Longitudinal waves in a clamped metal rod

[jemerlia]

Homework Statement

The speed of sound in a metal rod is 3600 m s -1. The rod is 1.20m
long and clamped at one of its ends.
(a) Determine the frequency of its vibration if longitudinal waves
are established in the rod and it is vibrating in its first overtone
mode.
(d) Determine the frequency of its vibration if clamped in the middle whilst still vibrating in the first overtone.

Homework Equations

v = f x w where w is the wavelength

The Attempt at a Solution

(a) The first overtone is the third harmonic, therefore
L = (3/4)w
= 3/4 x 1.60m
W = (4/3)L = (4/3) x 1.60m
f= 3600ms^-1 / (4/3 x 1.60m) = 1.69kHz; given answer is 2250 Hz

(d) Still the third harmonic but L is now 0.8m
f = 3600ms^-1 / (4/3 x 0.80m) = 3.38kHz; given answer is 4500 Hz

What have I done wrong?

 

[Redbelly98]

The rod length is 1.20 m, not 1.60 m.

 

[tomcue]

As a fellow scientist, I would like to provide some feedback on your solution. First, I would like to commend you for attempting to solve this problem using the correct equations. However, I believe there are some errors in your calculations.

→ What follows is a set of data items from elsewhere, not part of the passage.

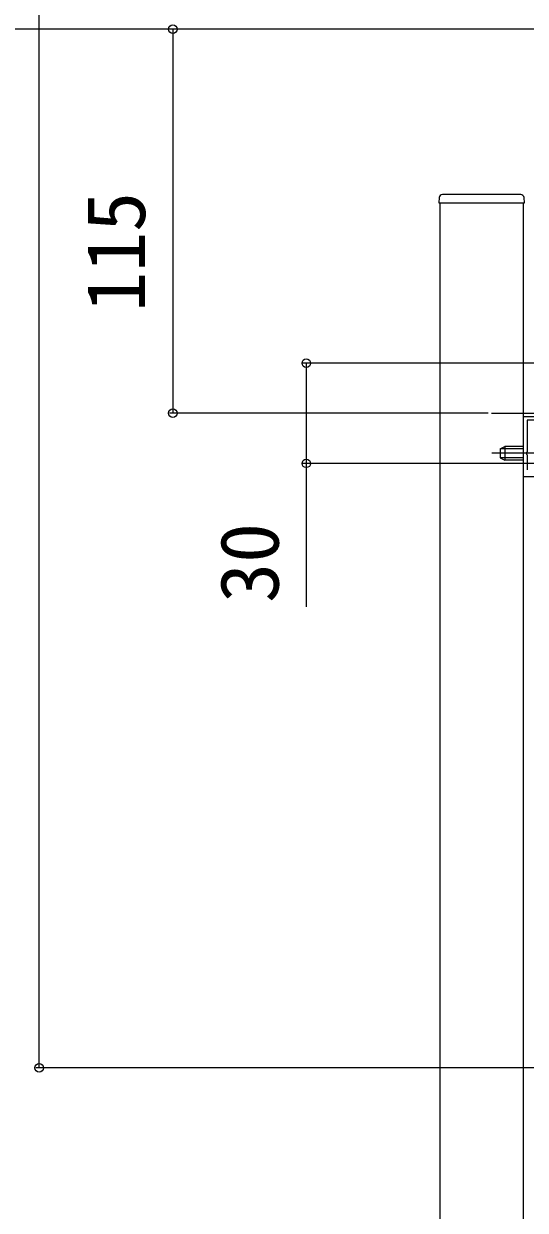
# Model space of a CAD drawing. Units: millimetres, scale not verified. Extents: x -1050 to 1050, y -1565 to 1557.
# Drawn here: x -688.9 to -538.7, y -1095.4 to -740.1 of the extents above; entities that cross this region are included whole.
import ezdxf
from ezdxf.enums import TextEntityAlignment as Align

# ---------------------------------------------------------------- set-up
doc = ezdxf.new("R2010")
doc.units = ezdxf.units.MM
doc.header["$LTSCALE"] = 8
for name, color, linetype in [('0-3_YKK_11', 7, 'Continuous'), ('0-5_YKK_13', 4, 'Continuous'), ('0-6_YKK_D', 6, 'Continuous'), ('0-8_YSS_K', 3, 'Continuous')]:
    doc.layers.add(name, color=color, linetype=linetype)
doc.layers.add('0-4_YKK_12', color=2, linetype='Continuous', lineweight=18)
doc.styles.add('ＭＳ ゴシック', font='')
doc.styles.get('ＭＳ ゴシック').set_extended_font_data('MS Gothic')

msp = doc.modelspace()

# ---------------------------------------------------------------- linework, layer by layer
at = {"layer": '0-3_YKK_11'}
msp.add_lwpolyline([(-511.795, -875.754), (-539.295, -875.754), (-539.295, -857.754), (-533.795, -857.754), (-533.795, -860.754), (-534.595, -860.754), (-534.595, -858.854), (-538.195, -858.854), (-538.195, -868.295), (-538.315, -868.479), (-538.315, -869.029), (-538.195, -869.212), (-538.195, -873.654)], dxfattribs=at)
at = {"layer": '0-4_YKK_12'}
for p, q in [((-564.295, -793.754), (-564.295, -1349.254)), ((-564.295, -793.754), (-539.295, -793.754)), ((-539.295, -1349.254), (-539.295, -793.754)), ((-548.799, -856.754), (-460.799, -856.754)), ((-533.195, -868.754), (-548.695, -868.754))]:
    msp.add_line(p, q, dxfattribs=at)
at = {"layer": '0-5_YKK_13'}
for p, q in [((-564.5, -792.193), (-564.595, -793.754)), ((-563.202, -791.254), (-563.502, -791.254)), ((-540.388, -791.254), (-563.202, -791.254)), ((-540.089, -791.254), (-540.388, -791.254)), ((-538.995, -793.754), (-539.091, -792.193)), ((-564.595, -793.754), (-538.995, -793.754)), ((-546.195, -867.454), (-544.795, -866.754)), ((-546.195, -867.454), (-546.195, -870.054)), ((-546.195, -870.054), (-544.795, -870.754)), ((-539.295, -867.408), (-546.104, -867.408)), ((-539.295, -870.099), (-546.104, -870.099)), ((-539.295, -870.754), (-544.795, -870.754))]:
    msp.add_line(p, q, dxfattribs=at)
msp.add_lwpolyline([(-539.295, -866.754), (-544.795, -866.754), (-544.795, -870.754)], dxfattribs=at)
for centre, start, end in [((-563.502, -792.254), 90, 176.5), ((-540.089, -792.254), 3.5, 90)]:
    msp.add_arc(centre, 1, start, end, dxfattribs=at)
at = {"layer": '0-6_YKK_D'}
for p, q in [((-684.295, -1052.754), (-684.295, -702.754)), ((-579.3, -741.754), (-725.295, -741.754)), ((-538.795, -741.754), (-645.295, -741.754)), ((-644.295, -741.754), (-644.295, -856.754)), ((-533.299, -841.754), (-605.295, -841.754)), ((-549.799, -856.754), (-645.295, -856.754)), ((-533.299, -871.754), (-605.295, -871.754)), ((-521.795, -1052.754), (-685.295, -1052.754))]:
    msp.add_line(p, q, dxfattribs=at)
msp.add_lwpolyline([(-604.295, -841.754), (-604.295, -871.754), (-604.295, -914.763)], dxfattribs=at)
for centre in [(-644.295, -741.754), (-604.295, -841.754), (-644.295, -856.754), (-604.295, -871.754), (-684.295, -1052.754)]:
    msp.add_circle(centre, 1.275, dxfattribs=at)
at = {"layer": '0-8_YSS_K'}
msp.add_line((979.705, -741.754), (-622.295, -741.754), dxfattribs=at)

# ---------------------------------------------------------------- texts
at = {"layer": '0-6_YKK_D', "style": 'ＭＳ ゴシック'}
for s, p in [('115', (-647.295, -826.39)), ('30', (-607.295, -913.535))]:
    msp.add_text(s, height=17.6, rotation=90, dxfattribs=at).set_placement(p, align=Align.BOTTOM_LEFT)

doc.saveas('drawing.dxf')

For part (a), you correctly identified that the first overtone is the third harmonic. However, the equation you used to calculate the wavelength is incorrect. The correct equation for the wavelength of a standing wave in a clamped rod is w = (2L)/n, where L is the length of the rod and n is the harmonic number. Therefore, for the first overtone (n=3), the wavelength would be w = (2 x 1.20m)/3 = 0.8m. Using this wavelength, we can calculate the frequency using the equation v = f x w, which gives us f = 3600 m/s / 0.8m = 4500 Hz.

For part (d), you made a similar mistake in your calculation of the wavelength. The correct equation for a rod clamped in the middle would be w = L/n, where L is the length of the rod and n is the harmonic number. For the first overtone (n=3), the wavelength would be w = 1.20m/3 = 0.4m. Using this wavelength, we can calculate the frequency using the same equation, v = f x w, which gives us f = 3600 m/s / 0.4m = 9000 Hz.

In summary, it seems that you have used the wrong equations for calculating the wavelength in both parts of the problem. By using the correct equations, we get the correct answers of 4500 Hz and 9000 Hz for parts (a) and (d), respectively. I hope this helps clarify your solution. Keep up the good work!